O palco da San Diego Comic-Con veio abaixo com o anúncio de que Robert Downey Jr. está de volta aos filmes da Marvel Studios. E não é para menos: a presença do astro marcou época nos filmes de super-heróis, trazendo das cinzas um ator visto como problemático pela indústria e que estava fadado ao esquecimento por suas questões adictas. Desde “Homem de Ferro” (2008), longa produzido com um viés quase independente sob o comando de Jon Favreau, que bancou Downey como Tony Stark, papel que o eternizou na história do cinema (algo que até o mais ácido hater acaba tendo que engolir), até a épica conclusão de Vingadores: Ultimato (2019) dirigida pelos irmãos Joe e Anthony Russo, o que os fãs acompanharam foi a construção do maior evento cinematográfico de todos os tempos. Doa a quem doer.
Certo, mas por que tirar do fundo da gaveta das más ideias a cartada de trazer Robert Downey Jr. interpretando agora um vilão, Victor von Doom (o Doutor Destino), se ele fez seu nome como um herói?
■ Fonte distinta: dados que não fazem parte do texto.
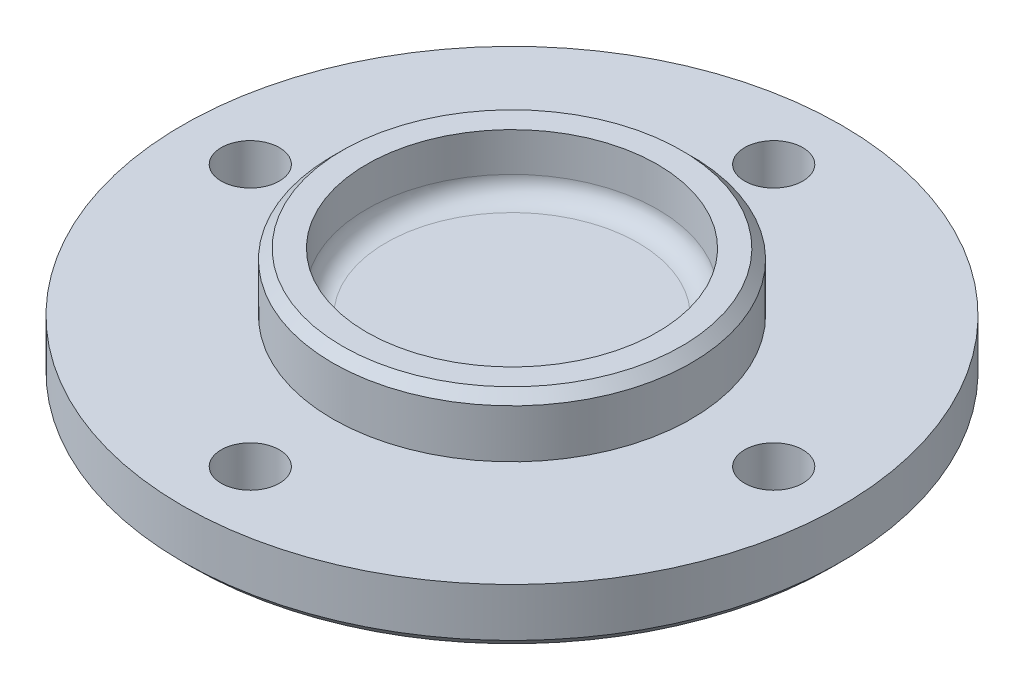
ISO-10303-21;
HEADER;
FILE_DESCRIPTION(('STEP AP214'),'2;1');
FILE_NAME('part.step','',(''),(''),'','','');
FILE_SCHEMA(('AUTOMOTIVE_DESIGN { 1 0 10303 214 1 1 1 1 }'));
ENDSEC;
DATA;
#1=APPLICATION_CONTEXT('core data for automotive mechanical design processes');
#2=APPLICATION_PROTOCOL_DEFINITION('international standard','automotive_design',2000,#1);
#3=PRODUCT_CONTEXT('',#1,'mechanical');
#4=PRODUCT('Part','Part','',(#3));
#5=PRODUCT_RELATED_PRODUCT_CATEGORY('part','',(#4));
#6=PRODUCT_DEFINITION_FORMATION('','',#4);
#7=PRODUCT_DEFINITION_CONTEXT('part definition',#1,'design');
#8=PRODUCT_DEFINITION('design','',#6,#7);
#9=PRODUCT_DEFINITION_SHAPE('','',#8);
#10=(LENGTH_UNIT() NAMED_UNIT(*) SI_UNIT(.MILLI.,.METRE.));
#11=(NAMED_UNIT(*) PLANE_ANGLE_UNIT() SI_UNIT($,.RADIAN.));
#12=(NAMED_UNIT(*) SI_UNIT($,.STERADIAN.) SOLID_ANGLE_UNIT());
#13=UNCERTAINTY_MEASURE_WITH_UNIT(LENGTH_MEASURE(1.E-05),#10,'distance_accuracy_value','');
#14=(GEOMETRIC_REPRESENTATION_CONTEXT(3) GLOBAL_UNCERTAINTY_ASSIGNED_CONTEXT((#13)) GLOBAL_UNIT_ASSIGNED_CONTEXT((#10,
#11,#12)) REPRESENTATION_CONTEXT('',''));
#15=CARTESIAN_POINT('',(0.,0.,0.));
#16=DIRECTION('',(0.,0.,1.));
#17=DIRECTION('',(1.,0.,0.));
#18=AXIS2_PLACEMENT_3D('',#15,#16,#17);
#19=CARTESIAN_POINT('',(0.,0.,0.));
#20=DIRECTION('',(0.,1.,0.));
#21=DIRECTION('',(0.,0.,1.));
#22=AXIS2_PLACEMENT_3D('',#19,#20,#21);
#23=PLANE('',#22);
#24=CARTESIAN_POINT('',(0.,0.,0.));
#25=DIRECTION('',(0.,1.,0.));
#26=DIRECTION('',(0.,0.,1.));
#27=AXIS2_PLACEMENT_3D('',#24,#25,#26);
#28=CIRCLE('',#27,33.);
#29=CARTESIAN_POINT('',(0.,0.,33.));
#30=VERTEX_POINT('',#29);
#31=EDGE_CURVE('E65',#30,#30,#28,.F.);
#32=ORIENTED_EDGE('',*,*,#31,.T.);
#33=EDGE_LOOP('',(#32));
#34=FACE_BOUND('',#33,.T.);
#35=CARTESIAN_POINT('',(27.,0.,0.));
#36=DIRECTION('',(0.,1.,0.));
#37=DIRECTION('',(-1.,0.,0.));
#38=AXIS2_PLACEMENT_3D('',#35,#36,#37);
#39=CIRCLE('',#38,3.);
#40=CARTESIAN_POINT('',(24.,0.,0.));
#41=VERTEX_POINT('',#40);
#42=EDGE_CURVE('E101',#41,#41,#39,.T.);
#43=ORIENTED_EDGE('',*,*,#42,.T.);
#44=EDGE_LOOP('',(#43));
#45=FACE_BOUND('',#44,.T.);
#46=CARTESIAN_POINT('',(0.,0.,27.));
#47=DIRECTION('',(0.,1.,0.));
#48=DIRECTION('',(0.,0.,-1.));
#49=AXIS2_PLACEMENT_3D('',#46,#47,#48);
#50=CIRCLE('',#49,3.);
#51=CARTESIAN_POINT('',(0.,0.,24.));
#52=VERTEX_POINT('',#51);
#53=EDGE_CURVE('E117',#52,#52,#50,.T.);
#54=ORIENTED_EDGE('',*,*,#53,.T.);
#55=EDGE_LOOP('',(#54));
#56=FACE_BOUND('',#55,.T.);
#57=CARTESIAN_POINT('',(-27.,0.,-2.82809988446294E-13));
#58=DIRECTION('',(0.,1.,0.));
#59=DIRECTION('',(1.,0.,0.));
#60=AXIS2_PLACEMENT_3D('',#57,#58,#59);
#61=CIRCLE('',#60,3.);
#62=CARTESIAN_POINT('',(-24.,0.,-2.51386656396706E-13));
#63=VERTEX_POINT('',#62);
#64=EDGE_CURVE('E109',#63,#63,#61,.T.);
#65=ORIENTED_EDGE('',*,*,#64,.T.);
#66=EDGE_LOOP('',(#65));
#67=FACE_BOUND('',#66,.T.);
#68=CARTESIAN_POINT('',(0.,0.,-27.));
#69=DIRECTION('',(0.,1.,0.));
#70=DIRECTION('',(0.,0.,1.));
#71=AXIS2_PLACEMENT_3D('',#68,#69,#70);
#72=CIRCLE('',#71,3.);
#73=CARTESIAN_POINT('',(0.,0.,-24.));
#74=VERTEX_POINT('',#73);
#75=EDGE_CURVE('E96',#74,#74,#72,.T.);
#76=ORIENTED_EDGE('',*,*,#75,.T.);
#77=EDGE_LOOP('',(#76));
#78=FACE_BOUND('',#77,.T.);
#79=ADVANCED_FACE('F51',(#34,#45,#56,#67,#78),#23,.F.);
#80=CARTESIAN_POINT('',(0.,6.,0.));
#81=DIRECTION('',(0.,-1.,0.));
#82=DIRECTION('',(0.,0.,-1.));
#83=AXIS2_PLACEMENT_3D('',#80,#81,#82);
#84=CYLINDRICAL_SURFACE('',#83,34.);
#85=CARTESIAN_POINT('',(0.,1.00000000000001,0.));
#86=DIRECTION('',(0.,1.,0.));
#87=DIRECTION('',(0.,0.,1.));
#88=AXIS2_PLACEMENT_3D('',#85,#86,#87);
#89=CIRCLE('',#88,34.);
#90=CARTESIAN_POINT('',(0.,1.00000000000001,34.));
#91=VERTEX_POINT('',#90);
#92=EDGE_CURVE('E70',#91,#91,#89,.T.);
#93=ORIENTED_EDGE('',*,*,#92,.T.);
#94=EDGE_LOOP('',(#93));
#95=FACE_BOUND('',#94,.T.);
#96=CARTESIAN_POINT('',(0.,6.,0.));
#97=DIRECTION('',(0.,1.,0.));
#98=DIRECTION('',(0.,0.,1.));
#99=AXIS2_PLACEMENT_3D('',#96,#97,#98);
#100=CIRCLE('',#99,34.);
#101=CARTESIAN_POINT('',(0.,6.,34.));
#102=VERTEX_POINT('',#101);
#103=EDGE_CURVE('E84',#102,#102,#100,.T.);
#104=ORIENTED_EDGE('',*,*,#103,.F.);
#105=EDGE_LOOP('',(#104));
#106=FACE_BOUND('',#105,.T.);
#107=ADVANCED_FACE('F143',(#95,#106),#84,.T.);
#108=CARTESIAN_POINT('',(0.,6.,0.));
#109=DIRECTION('',(0.,1.,0.));
#110=DIRECTION('',(0.,0.,1.));
#111=AXIS2_PLACEMENT_3D('',#108,#109,#110);
#112=PLANE('',#111);
#113=CARTESIAN_POINT('',(27.,6.,0.));
#114=DIRECTION('',(0.,1.,0.));
#115=DIRECTION('',(-1.,0.,0.));
#116=AXIS2_PLACEMENT_3D('',#113,#114,#115);
#117=CIRCLE('',#116,3.);
#118=CARTESIAN_POINT('',(24.,6.,0.));
#119=VERTEX_POINT('',#118);
#120=EDGE_CURVE('E121',#119,#119,#117,.T.);
#121=ORIENTED_EDGE('',*,*,#120,.F.);
#122=EDGE_LOOP('',(#121));
#123=FACE_BOUND('',#122,.T.);
#124=CARTESIAN_POINT('',(0.,6.,27.));
#125=DIRECTION('',(0.,1.,0.));
#126=DIRECTION('',(0.,0.,-1.));
#127=AXIS2_PLACEMENT_3D('',#124,#125,#126);
#128=CIRCLE('',#127,3.);
#129=CARTESIAN_POINT('',(0.,6.,24.));
#130=VERTEX_POINT('',#129);
#131=EDGE_CURVE('E113',#130,#130,#128,.T.);
#132=ORIENTED_EDGE('',*,*,#131,.F.);
#133=EDGE_LOOP('',(#132));
#134=FACE_BOUND('',#133,.T.);
#135=CARTESIAN_POINT('',(-27.,6.,-2.82809988446294E-13));
#136=DIRECTION('',(0.,1.,0.));
#137=DIRECTION('',(1.,0.,0.));
#138=AXIS2_PLACEMENT_3D('',#135,#136,#137);
#139=CIRCLE('',#138,3.);
#140=CARTESIAN_POINT('',(-24.,6.,-2.51386656396706E-13));
#141=VERTEX_POINT('',#140);
#142=EDGE_CURVE('E105',#141,#141,#139,.T.);
#143=ORIENTED_EDGE('',*,*,#142,.F.);
#144=EDGE_LOOP('',(#143));
#145=FACE_BOUND('',#144,.T.);
#146=CARTESIAN_POINT('',(0.,6.,-27.));
#147=DIRECTION('',(0.,1.,0.));
#148=DIRECTION('',(0.,0.,1.));
#149=AXIS2_PLACEMENT_3D('',#146,#147,#148);
#150=CIRCLE('',#149,3.);
#151=CARTESIAN_POINT('',(0.,6.,-24.));
#152=VERTEX_POINT('',#151);
#153=EDGE_CURVE('E97',#152,#152,#150,.T.);
#154=ORIENTED_EDGE('',*,*,#153,.F.);
#155=EDGE_LOOP('',(#154));
#156=FACE_BOUND('',#155,.T.);
#157=CARTESIAN_POINT('',(0.,6.,0.));
#158=DIRECTION('',(0.,1.,0.));
#159=DIRECTION('',(0.,0.,1.));
#160=AXIS2_PLACEMENT_3D('',#157,#158,#159);
#161=CIRCLE('',#160,18.5);
#162=CARTESIAN_POINT('',(0.,6.,18.5));
#163=VERTEX_POINT('',#162);
#164=EDGE_CURVE('E88',#163,#163,#161,.T.);
#165=ORIENTED_EDGE('',*,*,#164,.F.);
#166=EDGE_LOOP('',(#165));
#167=FACE_BOUND('',#166,.T.);
#168=ORIENTED_EDGE('',*,*,#103,.T.);
#169=EDGE_LOOP('',(#168));
#170=FACE_BOUND('',#169,.T.);
#171=ADVANCED_FACE('F139',(#123,#134,#145,#156,#167,#170),#112,.T.);
#172=CARTESIAN_POINT('',(0.,12.,0.));
#173=DIRECTION('',(0.,1.,0.));
#174=DIRECTION('',(0.,0.,1.));
#175=AXIS2_PLACEMENT_3D('',#172,#173,#174);
#176=PLANE('',#175);
#177=CARTESIAN_POINT('',(0.,12.,0.));
#178=DIRECTION('',(0.,1.,0.));
#179=DIRECTION('',(0.,0.,1.));
#180=AXIS2_PLACEMENT_3D('',#177,#178,#179);
#181=CIRCLE('',#180,17.5);
#182=CARTESIAN_POINT('',(0.,12.,17.5));
#183=VERTEX_POINT('',#182);
#184=EDGE_CURVE('E60',#183,#183,#181,.T.);
#185=ORIENTED_EDGE('',*,*,#184,.T.);
#186=EDGE_LOOP('',(#185));
#187=FACE_BOUND('',#186,.T.);
#188=CARTESIAN_POINT('',(0.,12.,0.));
#189=DIRECTION('',(0.,1.,0.));
#190=DIRECTION('',(0.,0.,1.));
#191=AXIS2_PLACEMENT_3D('',#188,#189,#190);
#192=CIRCLE('',#191,15.);
#193=CARTESIAN_POINT('',(0.,12.,15.));
#194=VERTEX_POINT('',#193);
#195=EDGE_CURVE('E92',#194,#194,#192,.T.);
#196=ORIENTED_EDGE('',*,*,#195,.F.);
#197=EDGE_LOOP('',(#196));
#198=FACE_BOUND('',#197,.T.);
#199=ADVANCED_FACE('F142',(#187,#198),#176,.T.);
#200=CARTESIAN_POINT('',(0.,12.,0.));
#201=DIRECTION('',(0.,-1.,0.));
#202=DIRECTION('',(0.,0.,-1.));
#203=AXIS2_PLACEMENT_3D('',#200,#201,#202);
#204=CYLINDRICAL_SURFACE('',#203,18.5);
#205=CARTESIAN_POINT('',(0.,11.,0.));
#206=DIRECTION('',(0.,1.,0.));
#207=DIRECTION('',(0.,0.,1.));
#208=AXIS2_PLACEMENT_3D('',#205,#206,#207);
#209=CIRCLE('',#208,18.5);
#210=CARTESIAN_POINT('',(0.,11.,18.5));
#211=VERTEX_POINT('',#210);
#212=EDGE_CURVE('E11',#211,#211,#209,.F.);
#213=ORIENTED_EDGE('',*,*,#212,.T.);
#214=EDGE_LOOP('',(#213));
#215=FACE_BOUND('',#214,.T.);
#216=ORIENTED_EDGE('',*,*,#164,.T.);
#217=EDGE_LOOP('',(#216));
#218=FACE_BOUND('',#217,.T.);
#219=ADVANCED_FACE('F195',(#215,#218),#204,.T.);
#220=CARTESIAN_POINT('',(0.,12.,0.));
#221=DIRECTION('',(0.,-1.,0.));
#222=DIRECTION('',(0.,0.,-1.));
#223=AXIS2_PLACEMENT_3D('',#220,#221,#222);
#224=CYLINDRICAL_SURFACE('',#223,15.);
#225=CARTESIAN_POINT('',(0.,8.,0.));
#226=DIRECTION('',(0.,1.,0.));
#227=DIRECTION('',(0.,0.,1.));
#228=AXIS2_PLACEMENT_3D('',#225,#226,#227);
#229=CIRCLE('',#228,15.);
#230=CARTESIAN_POINT('',(0.,8.,15.));
#231=VERTEX_POINT('',#230);
#232=EDGE_CURVE('E80',#231,#231,#229,.F.);
#233=ORIENTED_EDGE('',*,*,#232,.T.);
#234=EDGE_LOOP('',(#233));
#235=FACE_BOUND('',#234,.T.);
#236=ORIENTED_EDGE('',*,*,#195,.T.);
#237=EDGE_LOOP('',(#236));
#238=FACE_BOUND('',#237,.T.);
#239=ADVANCED_FACE('F200',(#235,#238),#224,.F.);
#240=CARTESIAN_POINT('',(0.,6.,0.));
#241=DIRECTION('',(0.,1.,0.));
#242=DIRECTION('',(0.,0.,1.));
#243=AXIS2_PLACEMENT_3D('',#240,#241,#242);
#244=CIRCLE('',#243,13.);
#245=CARTESIAN_POINT('',(0.,6.,13.));
#246=VERTEX_POINT('',#245);
#247=EDGE_CURVE('E76',#246,#246,#244,.T.);
#248=ORIENTED_EDGE('',*,*,#247,.T.);
#249=EDGE_LOOP('',(#248));
#250=FACE_BOUND('',#249,.T.);
#251=ADVANCED_FACE('F145',(#250),#112,.T.);
#252=CARTESIAN_POINT('',(0.,0.,-27.));
#253=DIRECTION('',(0.,1.,0.));
#254=DIRECTION('',(0.,0.,1.));
#255=AXIS2_PLACEMENT_3D('',#252,#253,#254);
#256=CYLINDRICAL_SURFACE('',#255,3.);
#257=ORIENTED_EDGE('',*,*,#75,.F.);
#258=EDGE_LOOP('',(#257));
#259=FACE_BOUND('',#258,.T.);
#260=ORIENTED_EDGE('',*,*,#153,.T.);
#261=EDGE_LOOP('',(#260));
#262=FACE_BOUND('',#261,.T.);
#263=ADVANCED_FACE('F242',(#259,#262),#256,.F.);
#264=CARTESIAN_POINT('',(-27.,0.,-2.82809988446294E-13));
#265=DIRECTION('',(0.,1.,0.));
#266=DIRECTION('',(0.,0.,1.));
#267=AXIS2_PLACEMENT_3D('',#264,#265,#266);
#268=CYLINDRICAL_SURFACE('',#267,3.);
#269=ORIENTED_EDGE('',*,*,#64,.F.);
#270=EDGE_LOOP('',(#269));
#271=FACE_BOUND('',#270,.T.);
#272=ORIENTED_EDGE('',*,*,#142,.T.);
#273=EDGE_LOOP('',(#272));
#274=FACE_BOUND('',#273,.T.);
#275=ADVANCED_FACE('F267',(#271,#274),#268,.F.);
#276=CARTESIAN_POINT('',(0.,0.,27.));
#277=DIRECTION('',(0.,1.,0.));
#278=DIRECTION('',(0.,0.,1.));
#279=AXIS2_PLACEMENT_3D('',#276,#277,#278);
#280=CYLINDRICAL_SURFACE('',#279,3.);
#281=ORIENTED_EDGE('',*,*,#53,.F.);
#282=EDGE_LOOP('',(#281));
#283=FACE_BOUND('',#282,.T.);
#284=ORIENTED_EDGE('',*,*,#131,.T.);
#285=EDGE_LOOP('',(#284));
#286=FACE_BOUND('',#285,.T.);
#287=ADVANCED_FACE('F135',(#283,#286),#280,.F.);
#288=CARTESIAN_POINT('',(27.,0.,0.));
#289=DIRECTION('',(0.,1.,0.));
#290=DIRECTION('',(0.,0.,1.));
#291=AXIS2_PLACEMENT_3D('',#288,#289,#290);
#292=CYLINDRICAL_SURFACE('',#291,3.);
#293=ORIENTED_EDGE('',*,*,#42,.F.);
#294=EDGE_LOOP('',(#293));
#295=FACE_BOUND('',#294,.T.);
#296=ORIENTED_EDGE('',*,*,#120,.T.);
#297=EDGE_LOOP('',(#296));
#298=FACE_BOUND('',#297,.T.);
#299=ADVANCED_FACE('F131',(#295,#298),#292,.F.);
#300=CARTESIAN_POINT('',(0.,8.,0.));
#301=DIRECTION('',(0.,1.,0.));
#302=DIRECTION('',(0.,0.,1.));
#303=AXIS2_PLACEMENT_3D('',#300,#301,#302);
#304=TOROIDAL_SURFACE('',#303,13.,2.);
#305=ORIENTED_EDGE('',*,*,#247,.F.);
#306=EDGE_LOOP('',(#305));
#307=FACE_BOUND('',#306,.T.);
#308=ORIENTED_EDGE('',*,*,#232,.F.);
#309=EDGE_LOOP('',(#308));
#310=FACE_BOUND('',#309,.T.);
#311=ADVANCED_FACE('F134',(#307,#310),#304,.F.);
#312=CARTESIAN_POINT('',(0.,1.00000000000001,0.));
#313=DIRECTION('',(0.,1.,0.));
#314=DIRECTION('',(0.,0.,1.));
#315=AXIS2_PLACEMENT_3D('',#312,#313,#314);
#316=CONICAL_SURFACE('',#315,34.,0.785398163397448);
#317=ORIENTED_EDGE('',*,*,#31,.F.);
#318=EDGE_LOOP('',(#317));
#319=FACE_BOUND('',#318,.T.);
#320=ORIENTED_EDGE('',*,*,#92,.F.);
#321=EDGE_LOOP('',(#320));
#322=FACE_BOUND('',#321,.T.);
#323=ADVANCED_FACE('F166',(#319,#322),#316,.T.);
#324=CARTESIAN_POINT('',(0.,12.,0.));
#325=DIRECTION('',(0.,-1.,0.));
#326=DIRECTION('',(0.,0.,-1.));
#327=AXIS2_PLACEMENT_3D('',#324,#325,#326);
#328=CONICAL_SURFACE('',#327,17.5,0.78539816339745);
#329=ORIENTED_EDGE('',*,*,#212,.F.);
#330=EDGE_LOOP('',(#329));
#331=FACE_BOUND('',#330,.T.);
#332=ORIENTED_EDGE('',*,*,#184,.F.);
#333=EDGE_LOOP('',(#332));
#334=FACE_BOUND('',#333,.T.);
#335=ADVANCED_FACE('F54',(#331,#334),#328,.T.);
#336=CLOSED_SHELL('',(#79,#107,#171,#199,#219,#239,#251,#263,#275,#287,#299,#311,#323,#335));
#337=MANIFOLD_SOLID_BREP('B2',#336);
#338=ADVANCED_BREP_SHAPE_REPRESENTATION('',(#18,#337),#14);
#339=SHAPE_DEFINITION_REPRESENTATION(#9,#338);
ENDSEC;
END-ISO-10303-21;

Pelo simples motivo de que a Marvel precisa desarmar a bomba criada por ela mesma. Depois de “Vingadores: Ultimato”, o Universo Cinematográfico da Marvel entrou em claro declínio pelas apostas do estúdio, visando expandir suas franquias para atender demandas impossíveis. A banalização dos super-heróis veio forte enquanto a Disney pensava estar com um prato cheio para abastecer seu catálogo no serviço de streaming Disney+. Acontece que a cada série ruim ou mediana lançada, mais um imbróglio narrativo era criado.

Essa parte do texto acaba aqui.